PS: those chairs looks super comfy... Berklines?


----------



## Bob in St. Louis (Oct 21, 2006)

I'll take pics, no problem there.
The thing I'd like to try is what Darrel Hawthorne came up with.
The center/lower/front opening would be covered with grill cloth:



















......Or possibly a radial design. Probably Darrel idea first.

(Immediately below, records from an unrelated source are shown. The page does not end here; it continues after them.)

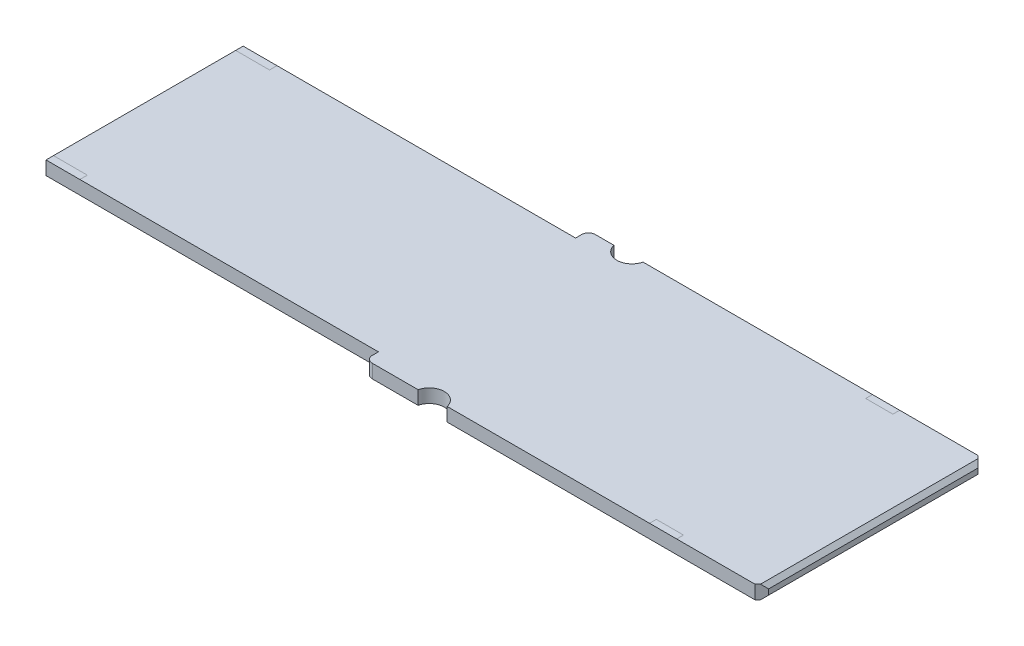
from build123d import *

# Parameters (mm, degrees)
BOSS_EXTRUDE1_DEPTH = 0.5
CHAMFER3_SIZE       = 0.5
SKETCH2_R           = 1.1
CUT_EXTRUDE1_DEPTH  = 55.232831385
FILLET1_R           = 0.5
SKETCH8_W           = 2.49
SKETCH8_H           = 0.55
SKETCH8_W_2         = 2
SKETCH8_H_2         = 0.5
CUT_EXTRUDE3_DEPTH  = 0.0001
SKETCH9_W           = 2
SKETCH9_H           = 16.4
CUT_EXTRUDE4_DEPTH  = 0.0001
CHAMFER4_SIZE       = 0.3


with BuildPart() as part:
    # Sketch1 → Boss-Extrude1 (new, symmetric)
    with BuildSketch(Plane(origin=(0, 0, 0), x_dir=(1, 0, 0), z_dir=(0, 1, 0))):
        Polygon((0, 7.25), (0, -7.25), (24.45, -7.25), (24.45, -8.2), (53.6, -8.2), (53.6, 8.2), (24.45, 8.2), (24.45, 7.25), align=None)
    extrude(amount=BOSS_EXTRUDE1_DEPTH, both=True)

    # Chamfer3
    chamfer3_edges = [part.edges().sort_by_distance(p)[0] for p in [
        (53.6, 0, -8.2),
        (53.6, 0, 8.2),
    ]]
    chamfer(chamfer3_edges, length=CHAMFER3_SIZE)

    # Sketch2 → Cut-Extrude1 (cut, through all)
    with BuildSketch(Plane.XZ.offset(0.5)):
        with Locations((29.39, 8.45)):
            Circle(SKETCH2_R)
        with Locations((27.39, -8.45)):
            Circle(SKETCH2_R)
    extrude(amount=-CUT_EXTRUDE1_DEPTH, mode=Mode.SUBTRACT)

    # Fillet1
    fillet1_edges = [part.edges().sort_by_distance(p)[0] for p in [
        (24.45, 0, -8.2),
        (24.45, 0, 8.2),
    ]]
    fillet(fillet1_edges, radius=FILLET1_R)

    # Sketch8 → Cut-Extrude3 (cut)
    with BuildSketch(Plane(origin=(0, 0.5, 0), x_dir=(1, 0, 0), z_dir=(0, 1, 0))):
        with Locations((1.245, -6.975)):
            Rectangle(SKETCH8_W, SKETCH8_H)
        with Locations((1.245, 6.975)):
            Rectangle(SKETCH8_W, SKETCH8_H)
        with Locations((46.34, -7.95)):
            Rectangle(SKETCH8_W_2, SKETCH8_H_2)
        with Locations((46.34, 7.95)):
            Rectangle(SKETCH8_W_2, SKETCH8_H_2)
    extrude(amount=-CUT_EXTRUDE3_DEPTH, mode=Mode.SUBTRACT)

    # Sketch9 → Cut-Extrude4 (cut)
    with BuildSketch(Plane.XZ.offset(0.5)):
        with BuildLine():
            Line((2.09, 7.425), (0.49, 7.425))
            ThreePointArc((0.49, 7.425), (0.313223305, 7.351776695), (0.24, 7.175))
            Line((0.24, 7.175), (0.24, 6.925))
            ThreePointArc((0.24, 6.925), (0.313223305, 6.748223305), (0.49, 6.675))
            Line((0.49, 6.675), (2.09, 6.675))
            ThreePointArc((2.09, 6.675), (2.266776695, 6.748223305), (2.34, 6.925))
            Line((2.34, 6.925), (2.34, 7.175))
            ThreePointArc((2.34, 7.175), (2.266776695, 7.351776695), (2.09, 7.425))
        make_face()
        with BuildLine():
            Line((2.34, -7.175), (2.34, -6.925))
            ThreePointArc((2.34, -6.925), (2.266776695, -6.748223305), (2.09, -6.675))
            Line((2.09, -6.675), (0.49, -6.675))
            ThreePointArc((0.49, -6.675), (0.313223305, -6.748223305), (0.24, -6.925))
            Line((0.24, -6.925), (0.24, -7.175))
            ThreePointArc((0.24, -7.175), (0.313223305, -7.351776695), (0.49, -7.425))
            Line((0.49, -7.425), (2.09, -7.425))
            ThreePointArc((2.09, -7.425), (2.266776695, -7.351776695), (2.34, -7.175))
        make_face()
        with BuildLine():
            Line((26.14, -8.125), (26.14, -7.575))
            ThreePointArc((26.14, -7.575), (26.066776695, -7.398223305), (25.89, -7.325))
            Line((25.89, -7.325), (25.11, -7.325))
            ThreePointArc((25.11, -7.325), (24.933223305, -7.398223305), (24.86, -7.575))
            Line((24.86, -7.575), (24.86, -8.125))
            ThreePointArc((24.86, -8.125), (24.933223305, -8.301776695), (25.11, -8.375))
            Line((25.11, -8.375), (25.89, -8.375))
            ThreePointArc((25.89, -8.375), (26.066776695, -8.301776695), (26.14, -8.125))
        make_face()
        with Locations((46.34, 0)):
            Rectangle(SKETCH9_W, SKETCH9_H)
        with BuildLine():
            Line((25.49, 7.325), (26.89, 7.325))
            ThreePointArc((26.89, 7.325), (27.066776695, 7.398223305), (27.14, 7.575))
            Line((27.14, 7.575), (27.14, 8.125))
            ThreePointArc((27.14, 8.125), (27.066776695, 8.301776695), (26.89, 8.375))
            Line((26.89, 8.375), (25.49, 8.375))
            ThreePointArc((25.49, 8.375), (25.313223305, 8.301776695), (25.24, 8.125))
            Line((25.24, 8.125), (25.24, 7.575))
            ThreePointArc((25.24, 7.575), (25.313223305, 7.398223305), (25.49, 7.325))
        make_face()
    extrude(amount=-CUT_EXTRUDE4_DEPTH, mode=Mode.SUBTRACT)

    # Chamfer4
    chamfer4_edges = [part.edges().sort_by_distance(p)[0] for p in [
        (53.6, -0.5, 0),
        (53.6, 0.5, 0),
    ]]
    chamfer(chamfer4_edges, length=CHAMFER4_SIZE)


solid = part.part

The seating is Berklines (#088 I think). Yes, very comfy. Althought due to the shape of the base of the cupholder, they won't hold my glass of wine.:bigsmile:
The cushion of the seats seem like they aren't as cushy as they used to be. I started rotating the chairs (like rotating your cars tires) as best I can. Hard to do since the arms are built in, notice in the photo the center arm isn't a wedge shape like it is supposed to be. The 'straight' arms should be on the outsides only. Kinda funky, but since my butt is always in the same chair, I figure I had better start moving them around or they may not last.

Bob


----------



## Owen Bartley (Oct 18, 2006)

That looks like a nice design. Kinda big mounted on the walls, but that's not such a big concession for most serious enthusiasts (spousal approval can be a different matter I guess). What about adding more holes on the sides for some sideways dispersion? I don't know much about OB speakers, just thinking out loud.


----------



## Bob in St. Louis (Oct 21, 2006)

Yes it will be kind of a big "gonky" looking thing hanging back there. I'm sure I'll bust my skull on it once or twice before I learn my lesson. It's getting to be a little treacherous back there with the two hanging pendant lights, projector, and now some big honkin' speakers. I go back there often to get to the PC. It's not too bad to just walk over and sit down, but anything other than that and I'll be knocking my head. It really scares me when I give the projector a good hard one......_AND IT'S TURNED ON!_ Bad, bad, very bad!:rolleyesno:

The WAF is out of the picture since it was determined before the room was built that I was the decision maker in this room. She gets the entire upstairs to decorate her way. The way I see it, we're even.:bigsmile:

I posted a comment on another forum about the possibilities of making some side 'holes' for the exact reason you mentioned Owen. The thought of making some Velcro "caps" or covers to play with tuning seems appealing. Although "tuning" may be a bit of an extravagance for a channel that doesn't receive much content. But we'll see. I'll be using nice wood for build #2. If I can figure out how to make those side hole covers look decent, I might give it a shot.

Thanks Owen
Bob


----------



## Bob in St. Louis (Oct 21, 2006)

Hi Jay,
I've not seen the number on where exactly the tweeter is crossed to the midwoofer. In this configuration thought the entire unit (compression tweeter, mid-woofer, and passive crossover) should get content solidly into the double digit range. Especially with help (reinforcement) from all the wood and wall.
Stuffing is something I'll be playing with. Either lining with 1" think foam, or the 'usual' stuffing. I'll experiment and see what happens.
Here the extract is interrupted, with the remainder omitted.